→ **How to complete this task**: Could you give the records below again exactly, without the pictures?

→ **Source records**:
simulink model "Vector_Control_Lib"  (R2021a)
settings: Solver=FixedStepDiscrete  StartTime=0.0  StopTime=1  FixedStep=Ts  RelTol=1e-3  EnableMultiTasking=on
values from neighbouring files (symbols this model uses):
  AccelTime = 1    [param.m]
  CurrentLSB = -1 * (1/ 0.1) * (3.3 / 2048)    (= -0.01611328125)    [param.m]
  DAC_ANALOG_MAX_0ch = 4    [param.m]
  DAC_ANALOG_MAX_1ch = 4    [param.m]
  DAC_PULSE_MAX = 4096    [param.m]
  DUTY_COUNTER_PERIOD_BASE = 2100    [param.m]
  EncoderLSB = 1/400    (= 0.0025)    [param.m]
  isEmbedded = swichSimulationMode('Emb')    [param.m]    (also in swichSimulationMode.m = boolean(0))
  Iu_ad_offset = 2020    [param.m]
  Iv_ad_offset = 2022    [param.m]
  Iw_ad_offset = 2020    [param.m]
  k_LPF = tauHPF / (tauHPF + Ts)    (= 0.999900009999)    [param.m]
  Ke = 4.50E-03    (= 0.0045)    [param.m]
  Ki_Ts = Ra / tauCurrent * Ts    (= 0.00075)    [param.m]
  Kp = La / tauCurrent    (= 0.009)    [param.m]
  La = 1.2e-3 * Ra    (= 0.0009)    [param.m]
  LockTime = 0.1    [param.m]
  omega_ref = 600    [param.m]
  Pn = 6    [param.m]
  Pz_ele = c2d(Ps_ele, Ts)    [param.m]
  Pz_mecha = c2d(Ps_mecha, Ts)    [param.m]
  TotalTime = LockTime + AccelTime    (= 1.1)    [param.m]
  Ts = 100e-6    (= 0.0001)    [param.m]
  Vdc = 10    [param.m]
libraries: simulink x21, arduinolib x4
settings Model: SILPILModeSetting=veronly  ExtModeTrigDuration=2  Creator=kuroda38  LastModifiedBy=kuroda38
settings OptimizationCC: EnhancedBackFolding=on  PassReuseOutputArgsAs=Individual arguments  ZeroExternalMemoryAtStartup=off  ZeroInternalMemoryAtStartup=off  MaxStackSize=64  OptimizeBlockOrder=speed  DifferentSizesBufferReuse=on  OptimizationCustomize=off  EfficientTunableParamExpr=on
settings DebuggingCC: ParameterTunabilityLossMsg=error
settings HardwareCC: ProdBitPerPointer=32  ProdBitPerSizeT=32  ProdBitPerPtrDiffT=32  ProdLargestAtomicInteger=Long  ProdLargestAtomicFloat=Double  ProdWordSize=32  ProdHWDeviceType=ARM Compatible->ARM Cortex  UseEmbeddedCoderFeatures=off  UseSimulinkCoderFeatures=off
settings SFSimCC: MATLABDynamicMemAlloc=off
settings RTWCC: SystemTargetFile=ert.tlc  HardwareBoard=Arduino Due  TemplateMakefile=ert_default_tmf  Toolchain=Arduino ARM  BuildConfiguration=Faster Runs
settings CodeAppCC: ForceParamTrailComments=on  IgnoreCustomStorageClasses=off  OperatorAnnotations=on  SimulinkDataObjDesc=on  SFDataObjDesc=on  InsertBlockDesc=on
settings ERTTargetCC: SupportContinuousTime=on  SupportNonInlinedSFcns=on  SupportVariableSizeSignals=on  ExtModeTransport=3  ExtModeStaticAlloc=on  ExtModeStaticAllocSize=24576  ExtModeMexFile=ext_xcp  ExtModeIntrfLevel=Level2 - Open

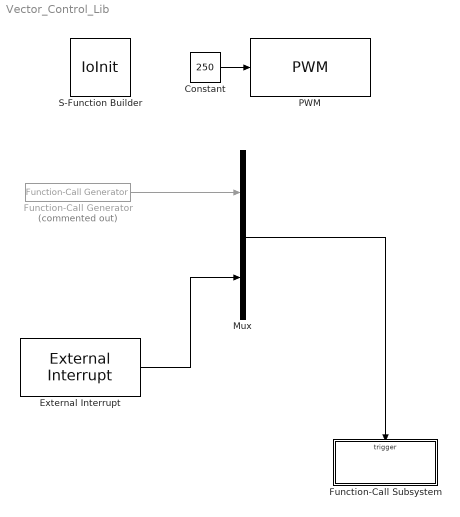
== system Vector_Control_Lib ==
  Constant : Constant  Value=250  OutDataTypeStr=uint8
  External Interrupt : arduinolib/External Interrupt  Pin=12  PullUp=off  Mode=RISING  InterruptSimulationInput=off
      settings: SourceProductBaseCode=ARDUINO
  Function-Call Generator : simulink/Ports & Subsystems/Function-Call Generator  Commented=on  sample_time=Ts  numberOfIterations=1  DisallowWideOutput=off
  Function-Call Subsystem : Subsystem  TreatAsAtomicUnit=on
  Mux : Mux  Inputs=2
  PWM : arduinolib/PWM  pinNumber=5  frequencyType=Specify  desiredFrequency=20000  achievableFrequency=20000
  S-Function Builder : S-Function  FunctionName=IoInit  SFunctionModules=IoInit_wrapper  SFunctionDeploymentMode=off  EnableBusSupport=off  mask(S-Function Builder){}
      mask help: Simulink:masks:SFunctionBuilder_MD
      mask init:
      | val = [[.9  0.75 0.75 1 1 .9 .9 1]',[1 1 0.75 0.75 .9 .9 1 .9]'];try , sys = get_param(gcb,'SfunBuilderFcnName');if isempty(sys), sys = get_param(gcb,'FunctionName'); end,catch, sys = get_param(gcb,'FunctionName'); end
      settings: CopyFcn=set_param(gcbh,'LinkStatus','none')  OpenFcn=sfunctionwizard(gcbh)
      mask Display:
      | plot(val(:,1),val(:,2))
      | disp(sys)
  wires:
  Constant/1 -> PWM/1
  Function-Call Generator/1 -> Mux/1
  Mux/1 -> Function-Call Subsystem/Trigger
  External Interrupt/1 -> Mux/2

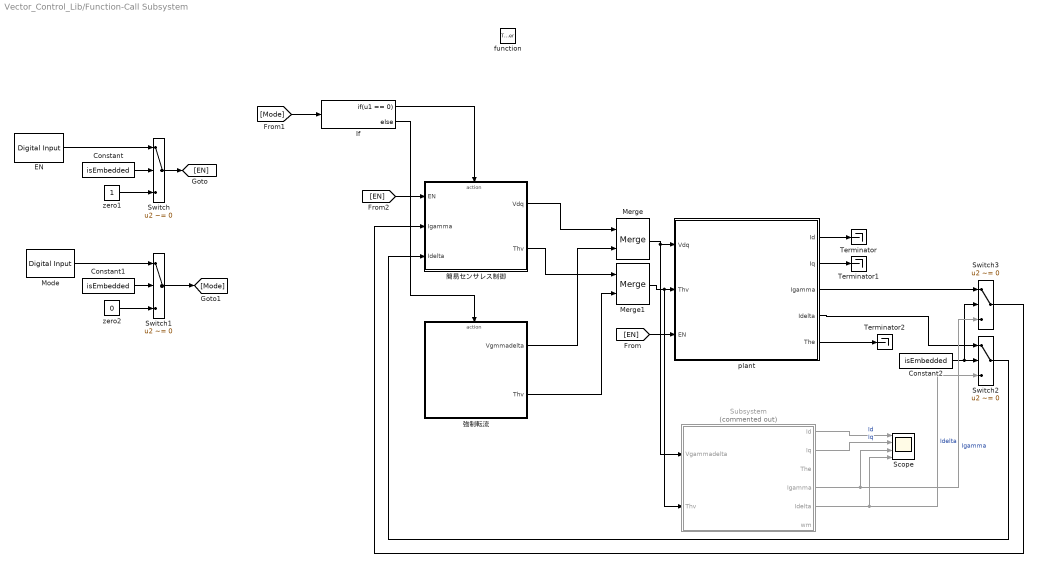
== system Vector_Control_Lib/Function-Call Subsystem ==
  function : TriggerPort  TriggerType=function-call  VariantControl=(inherit)
  Constant : Constant  Value=isEmbedded
  Constant1 : Constant  Value=isEmbedded
  Constant2 : Constant  Value=isEmbedded  OutDataTypeStr=uint8
  EN : arduinolib/Digital Input  pinNumber=7  mode=Default  Direction=input  SampleTime=-1  blockPlatform=arduino
  If : If  IfExpression=u1 == 0
  Merge : Merge
  Merge1 : Merge
  Mode : arduinolib/Digital Input  pinNumber=6  mode=Default  Direction=input  SampleTime=-1  blockPlatform=arduino
  Scope : Scope  NumInputPorts=4
  Subsystem : Subsystem  Commented=on
  Switch : Switch  Criteria=u2 ~= 0  OutDataTypeStr=uint16
  Switch1 : Switch  Criteria=u2 ~= 0  OutDataTypeStr=uint16
  Switch2 : Switch  Criteria=u2 ~= 0
  Switch3 : Switch  Criteria=u2 ~= 0
  Terminator : Terminator
  Terminator1 : Terminator
  Terminator2 : Terminator
  plant : Subsystem
  zero1 : Constant  OutDataTypeStr=uint16
  zero2 : Constant  Value=0  OutDataTypeStr=uint16
  強制転流 : Subsystem  TreatAsAtomicUnit=on
  簡易センサレス制御 : Subsystem  TreatAsAtomicUnit=on
  wires:
  [EN] -> plant/3(EN)
  Merge/1 -> plant/1(Vdq), Subsystem/1(Vgammadelta)
  Merge1/1 -> Subsystem/2(Thv), plant/2(Thv)
  If/1 -> 簡易センサレス制御/Action
  If/2 -> 強制転流/Action
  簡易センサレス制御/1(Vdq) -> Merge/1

→ **Result for this exercise**:
simulink model "Vector_Control_Lib"  (R2021a)
settings: Solver=FixedStepDiscrete  StartTime=0.0  StopTime=1  FixedStep=Ts  RelTol=1e-3  EnableMultiTasking=on
values from neighbouring files (symbols this model uses):
  AccelTime = 1    [param.m]
  CurrentLSB = -1 * (1/ 0.1) * (3.3 / 2048)    (= -0.01611328125)    [param.m]
  DAC_ANALOG_MAX_0ch = 4    [param.m]
  DAC_ANALOG_MAX_1ch = 4    [param.m]
  DAC_PULSE_MAX = 4096    [param.m]
  DUTY_COUNTER_PERIOD_BASE = 2100    [param.m]
  EncoderLSB = 1/400    (= 0.0025)    [param.m]
  isEmbedded = swichSimulationMode('Emb')    [param.m]    (also in swichSimulationMode.m = boolean(0))
  Iu_ad_offset = 2020    [param.m]
  Iv_ad_offset = 2022    [param.m]
  Iw_ad_offset = 2020    [param.m]
  k_LPF = tauHPF / (tauHPF + Ts)    (= 0.999900009999)    [param.m]
  Ke = 4.50E-03    (= 0.0045)    [param.m]
  Ki_Ts = Ra / tauCurrent * Ts    (= 0.00075)    [param.m]
  Kp = La / tauCurrent    (= 0.009)    [param.m]
  La = 1.2e-3 * Ra    (= 0.0009)    [param.m]
  LockTime = 0.1    [param.m]
  omega_ref = 600    [param.m]
  Pn = 6    [param.m]
  Pz_ele = c2d(Ps_ele, Ts)    [param.m]
  Pz_mecha = c2d(Ps_mecha, Ts)    [param.m]
  TotalTime = LockTime + AccelTime    (= 1.1)    [param.m]
  Ts = 100e-6    (= 0.0001)    [param.m]
  Vdc = 10    [param.m]
libraries: simulink x21, arduinolib x4
settings Model: SILPILModeSetting=veronly  ExtModeTrigDuration=2  Creator=kuroda38  LastModifiedBy=kuroda38
settings OptimizationCC: EnhancedBackFolding=on  PassReuseOutputArgsAs=Individual arguments  ZeroExternalMemoryAtStartup=off  ZeroInternalMemoryAtStartup=off  MaxStackSize=64  OptimizeBlockOrder=speed  DifferentSizesBufferReuse=on  OptimizationCustomize=off  EfficientTunableParamExpr=on
settings DebuggingCC: ParameterTunabilityLossMsg=error
settings HardwareCC: ProdBitPerPointer=32  ProdBitPerSizeT=32  ProdBitPerPtrDiffT=32  ProdLargestAtomicInteger=Long  ProdLargestAtomicFloat=Double  ProdWordSize=32  ProdHWDeviceType=ARM Compatible->ARM Cortex  UseEmbeddedCoderFeatures=off  UseSimulinkCoderFeatures=off
settings SFSimCC: MATLABDynamicMemAlloc=off
settings RTWCC: SystemTargetFile=ert.tlc  HardwareBoard=Arduino Due  TemplateMakefile=ert_default_tmf  Toolchain=Arduino ARM  BuildConfiguration=Faster Runs
settings CodeAppCC: ForceParamTrailComments=on  IgnoreCustomStorageClasses=off  OperatorAnnotations=on  SimulinkDataObjDesc=on  SFDataObjDesc=on  InsertBlockDesc=on
settings ERTTargetCC: SupportContinuousTime=on  SupportNonInlinedSFcns=on  SupportVariableSizeSignals=on  ExtModeTransport=3  ExtModeStaticAlloc=on  ExtModeStaticAllocSize=24576  ExtModeMexFile=ext_xcp  ExtModeIntrfLevel=Level2 - Open

== system Vector_Control_Lib ==
  Constant : Constant  Value=250  OutDataTypeStr=uint8
  External Interrupt : arduinolib/External Interrupt  Pin=12  PullUp=off  Mode=RISING  InterruptSimulationInput=off
      settings: SourceProductBaseCode=ARDUINO
  Function-Call Generator : simulink/Ports & Subsystems/Function-Call Generator  Commented=on  sample_time=Ts  numberOfIterations=1  DisallowWideOutput=off
  Function-Call Subsystem : Subsystem  TreatAsAtomicUnit=on
  Mux : Mux  Inputs=2
  PWM : arduinolib/PWM  pinNumber=5  frequencyType=Specify  desiredFrequency=20000  achievableFrequency=20000
  S-Function Builder : S-Function  FunctionName=IoInit  SFunctionModules=IoInit_wrapper  SFunctionDeploymentMode=off  EnableBusSupport=off  mask(S-Function Builder){}
      mask help: Simulink:masks:SFunctionBuilder_MD
      mask init:
      | val = [[.9  0.75 0.75 1 1 .9 .9 1]',[1 1 0.75 0.75 .9 .9 1 .9]'];try , sys = get_param(gcb,'SfunBuilderFcnName');if isempty(sys), sys = get_param(gcb,'FunctionName'); end,catch, sys = get_param(gcb,'FunctionName'); end
      settings: CopyFcn=set_param(gcbh,'LinkStatus','none')  OpenFcn=sfunctionwizard(gcbh)
      mask Display:
      | plot(val(:,1),val(:,2))
      | disp(sys)
  wires:
  Constant/1 -> PWM/1
  Function-Call Generator/1 -> Mux/1
  Mux/1 -> Function-Call Subsystem/Trigger
  External Interrupt/1 -> Mux/2

== system Vector_Control_Lib/Function-Call Subsystem ==
  function : TriggerPort  TriggerType=function-call  VariantControl=(inherit)
  Constant : Constant  Value=isEmbedded
  Constant1 : Constant  Value=isEmbedded
  Constant2 : Constant  Value=isEmbedded  OutDataTypeStr=uint8
  EN : arduinolib/Digital Input  pinNumber=7  mode=Default  Direction=input  SampleTime=-1  blockPlatform=arduino
  If : If  IfExpression=u1 == 0
  Merge : Merge
  Merge1 : Merge
  Mode : arduinolib/Digital Input  pinNumber=6  mode=Default  Direction=input  SampleTime=-1  blockPlatform=arduino
  Scope : Scope  NumInputPorts=4
  Subsystem : Subsystem  Commented=on
  Switch : Switch  Criteria=u2 ~= 0  OutDataTypeStr=uint16
  Switch1 : Switch  Criteria=u2 ~= 0  OutDataTypeStr=uint16
  Switch2 : Switch  Criteria=u2 ~= 0
  Switch3 : Switch  Criteria=u2 ~= 0
  Terminator : Terminator
  Terminator1 : Terminator
  Terminator2 : Terminator
  plant : Subsystem
  zero1 : Constant  OutDataTypeStr=uint16
  zero2 : Constant  Value=0  OutDataTypeStr=uint16
  強制転流 : Subsystem  TreatAsAtomicUnit=on
  簡易センサレス制御 : Subsystem  TreatAsAtomicUnit=on
  wires:
  [EN] -> plant/3(EN)
  Merge/1 -> plant/1(Vdq), Subsystem/1(Vgammadelta)
  Merge1/1 -> Subsystem/2(Thv), plant/2(Thv)
  If/1 -> 簡易センサレス制御/Action
  If/2 -> 強制転流/Action
  簡易センサレス制御/1(Vdq) -> Merge/1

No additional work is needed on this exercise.